___ Information ___

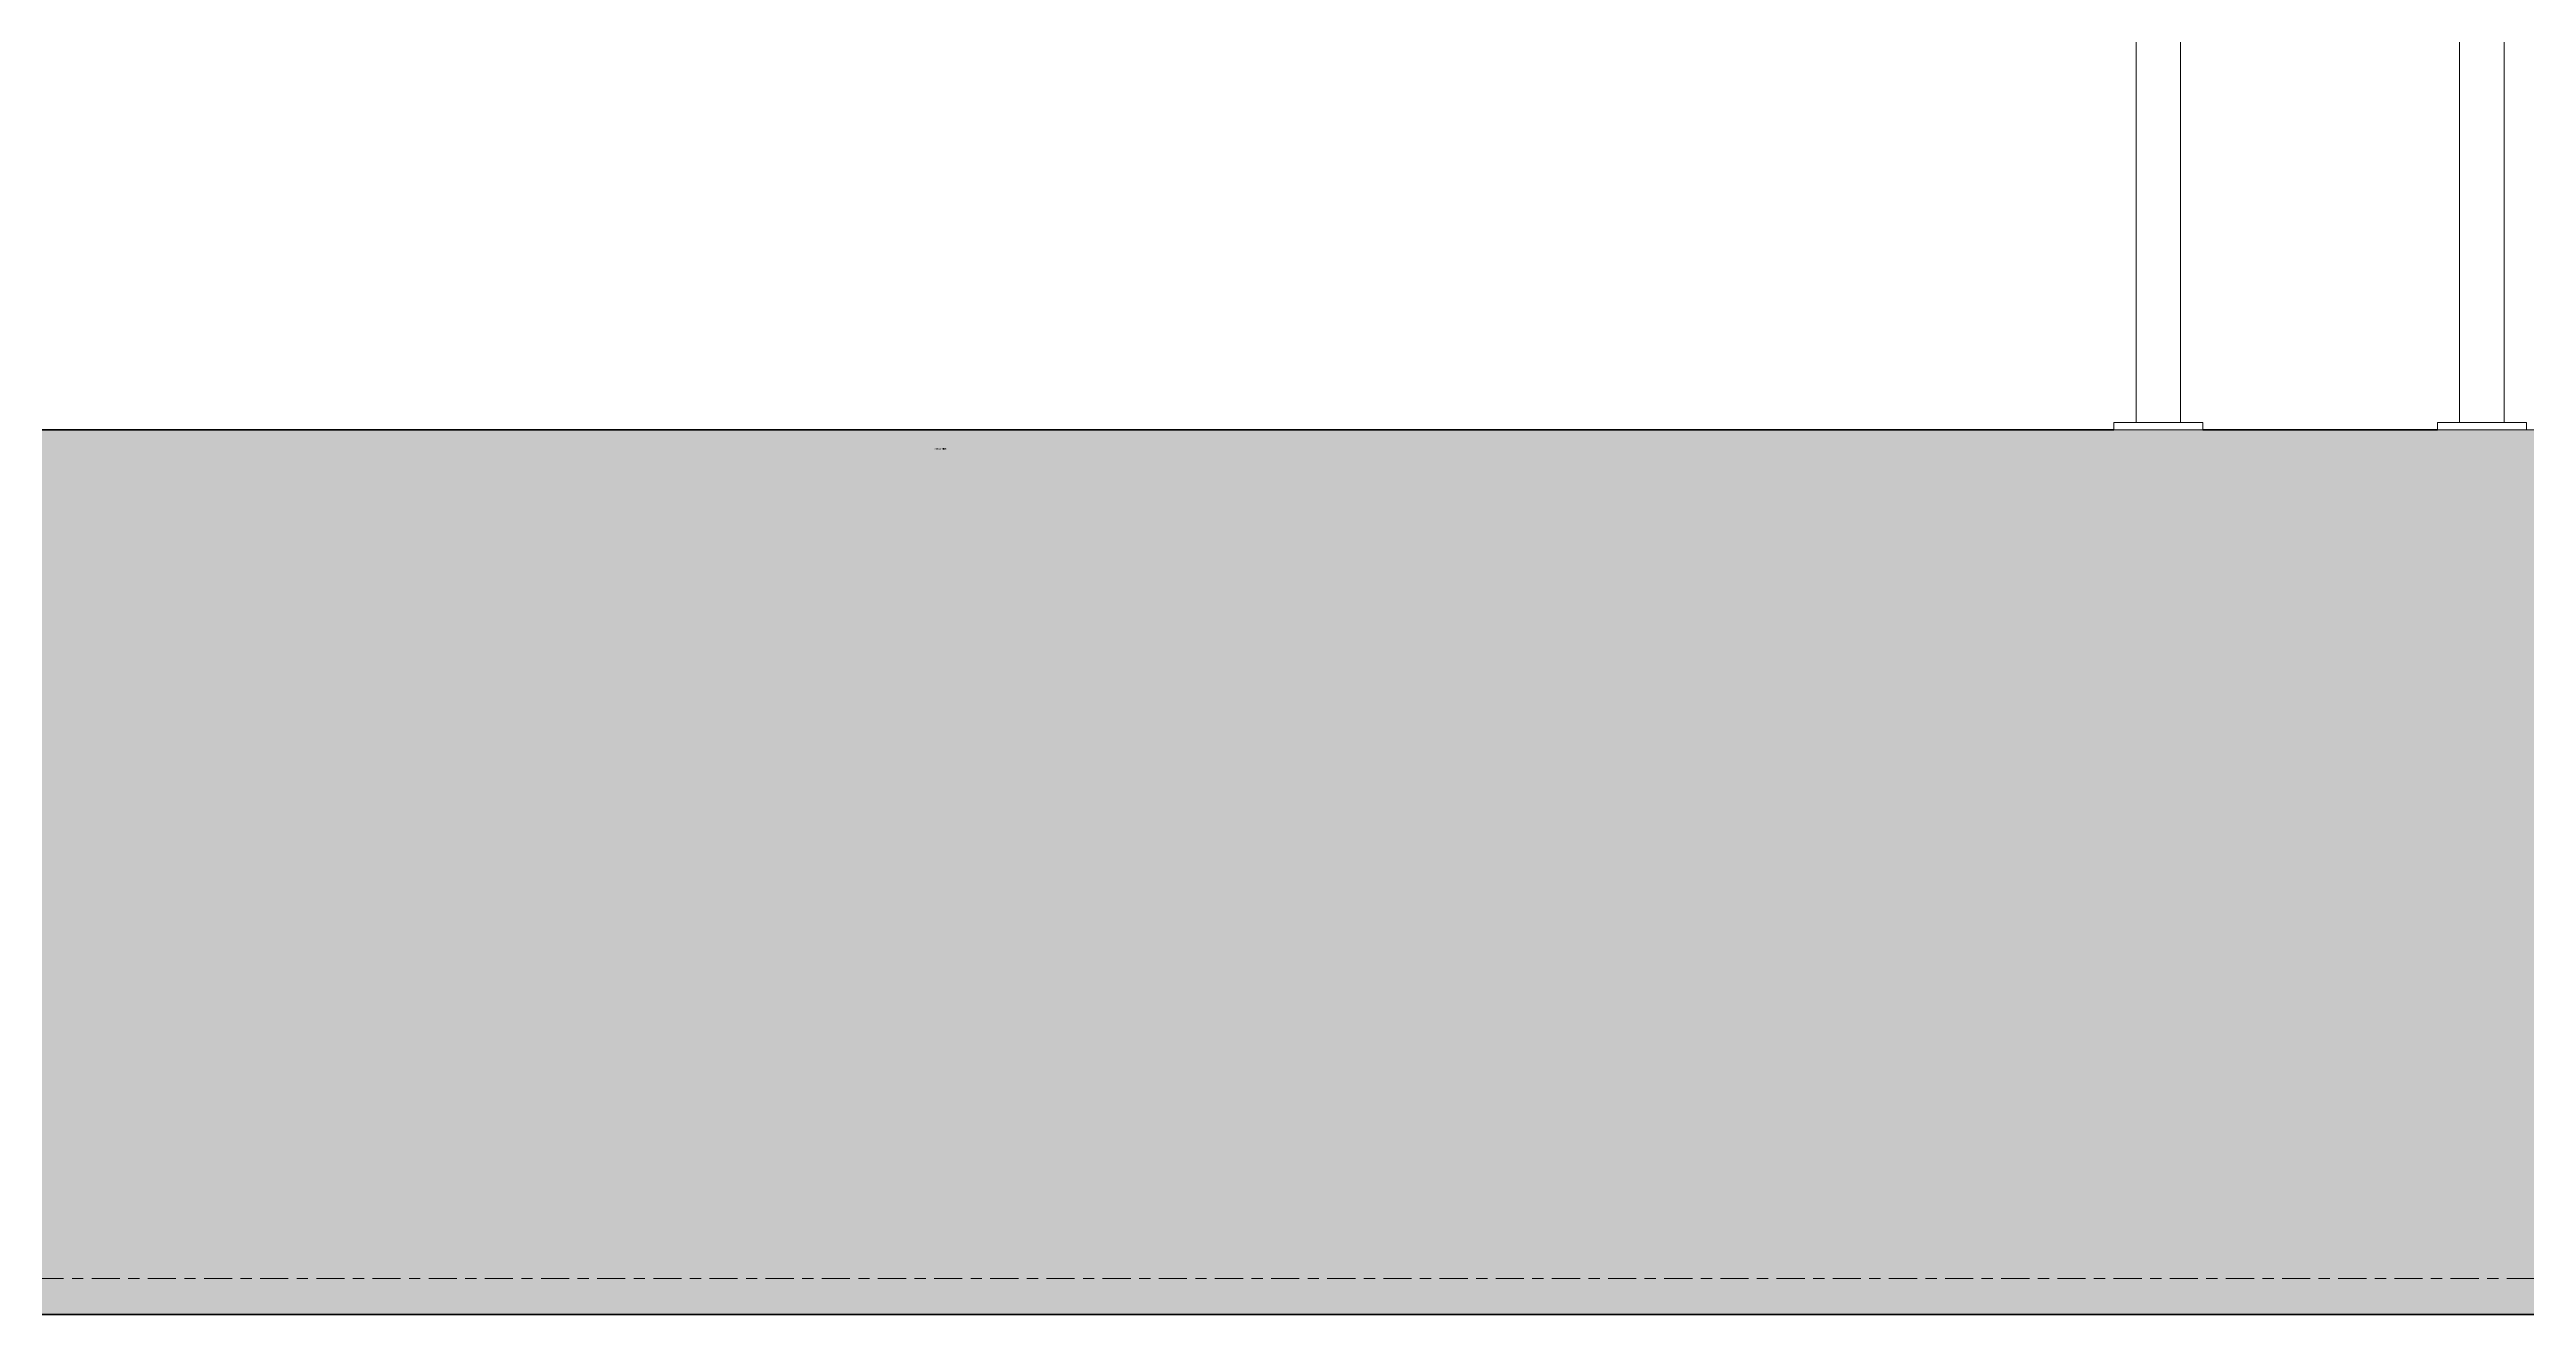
# Model space of a CAD drawing. Header units: centimetres. Extents: x 710 to 12582, y -437 to 1921.
# Drawn here: x 3150.3 to 3290.3, y 44 to 115.5 of the extents above; entities that cross this region are included whole.
import ezdxf

# ---------------------------------------------------------------- set-up
doc = ezdxf.new("R2010")
doc.units = ezdxf.units.CM
doc.linetypes.add('Centre', pattern=[3.175, 0.635, -0.475, 1.59, -0.475])
for name, color, linetype, lineweight in [('A-FLOR', 7, 'Continuous', 9), ('A-FLOR-LEVL', 7, 'Continuous', 9), ('A-FLOR-PATT', 7, 'Continuous', 35), ('G-IMPT', 7, 'Continuous', 9), ('M-EQPM', 7, 'Continuous', 9)]:
    doc.layers.add(name, color=color, linetype=linetype, lineweight=lineweight)
doc.styles.add('Arial', font='arial.ttf', dxfattribs={"height": 0.084})

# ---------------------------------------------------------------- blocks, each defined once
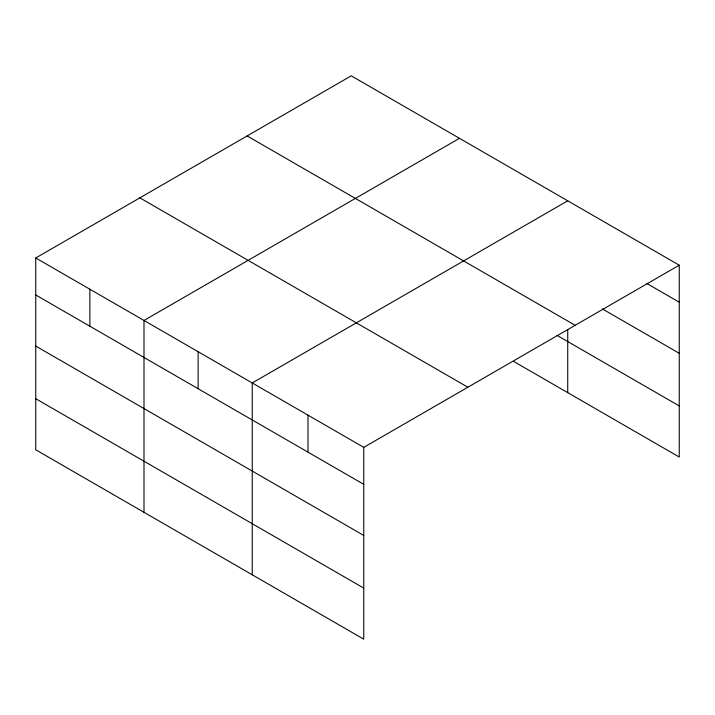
<?xml version="1.0" encoding="UTF-8"?>
<svg xmlns="http://www.w3.org/2000/svg" width="715" height="715" viewBox="0 0 715 715"><rect width="100%" height="100%" fill="white"/><g stroke="black" fill="none" stroke-linecap="round" stroke-linejoin="round"><path stroke-width="1.07" d="M35.75 257.972L363.756 447.349L363.756 639.174L35.75 449.806L35.75 257.972L351.244 75.826L679.25 265.194L679.25 457.028L513.602 361.397M459.486 138.317L143.992 320.463L143.992 512.298M567.728 200.808L252.234 382.954L252.234 574.788M363.756 447.349L679.25 265.194M646.566 283.328L679.25 302.204M602.334 308.889L679.25 353.29M247.131 135.93L575.137 325.307M557.092 335.406L679.25 405.932M139.863 197.858L467.869 387.235M35.75 294.973L363.756 484.35M35.75 346.069L363.756 535.446M35.75 398.711L363.756 588.087M567.728 329.481L567.728 392.642M307.995 415.147L307.995 452.157M198.118 351.709L198.118 388.719M89.876 289.218L89.876 326.219"/></g></svg>

___

> [What to produce]: Drop the images and repeat the data exactly.

> [Expected answer]:
# Model space of a CAD drawing. Header units: centimetres. Extents: x 710 to 12582, y -437 to 1921.
# Drawn here: x 3150.3 to 3290.3, y 44 to 115.5 of the extents above; entities that cross this region are included whole.
import ezdxf

# ---------------------------------------------------------------- set-up
doc = ezdxf.new("R2010")
doc.units = ezdxf.units.CM
doc.linetypes.add('Centre', pattern=[3.175, 0.635, -0.475, 1.59, -0.475])
for name, color, linetype, lineweight in [('A-FLOR', 7, 'Continuous', 9), ('A-FLOR-LEVL', 7, 'Continuous', 9), ('A-FLOR-PATT', 7, 'Continuous', 35), ('G-IMPT', 7, 'Continuous', 9), ('M-EQPM', 7, 'Continuous', 9)]:
    doc.layers.add(name, color=color, linetype=linetype, lineweight=lineweight)
doc.styles.add('Arial', font='arial.ttf', dxfattribs={"height": 0.084})

# ---------------------------------------------------------------- blocks, each defined once
<?xml version="1.0" encoding="UTF-8"?>
<svg xmlns="http://www.w3.org/2000/svg" width="715" height="715" viewBox="0 0 715 715"><rect width="100%" height="100%" fill="white"/><g stroke="black" fill="none" stroke-linecap="round" stroke-linejoin="round"><path stroke-width="1.07" d="M35.75 257.972L363.756 447.349L363.756 639.174L35.75 449.806L35.75 257.972L351.244 75.826L679.25 265.194L679.25 457.028L513.602 361.397M459.486 138.317L143.992 320.463L143.992 512.298M567.728 200.808L252.234 382.954L252.234 574.788M363.756 447.349L679.25 265.194M646.566 283.328L679.25 302.204M602.334 308.889L679.25 353.29M247.131 135.93L575.137 325.307M557.092 335.406L679.25 405.932M139.863 197.858L467.869 387.235M35.75 294.973L363.756 484.35M35.75 346.069L363.756 535.446M35.75 398.711L363.756 588.087M567.728 329.481L567.728 392.642M307.995 415.147L307.995 452.157M198.118 351.709L198.118 388.719M89.876 289.218L89.876 326.219"/></g></svg>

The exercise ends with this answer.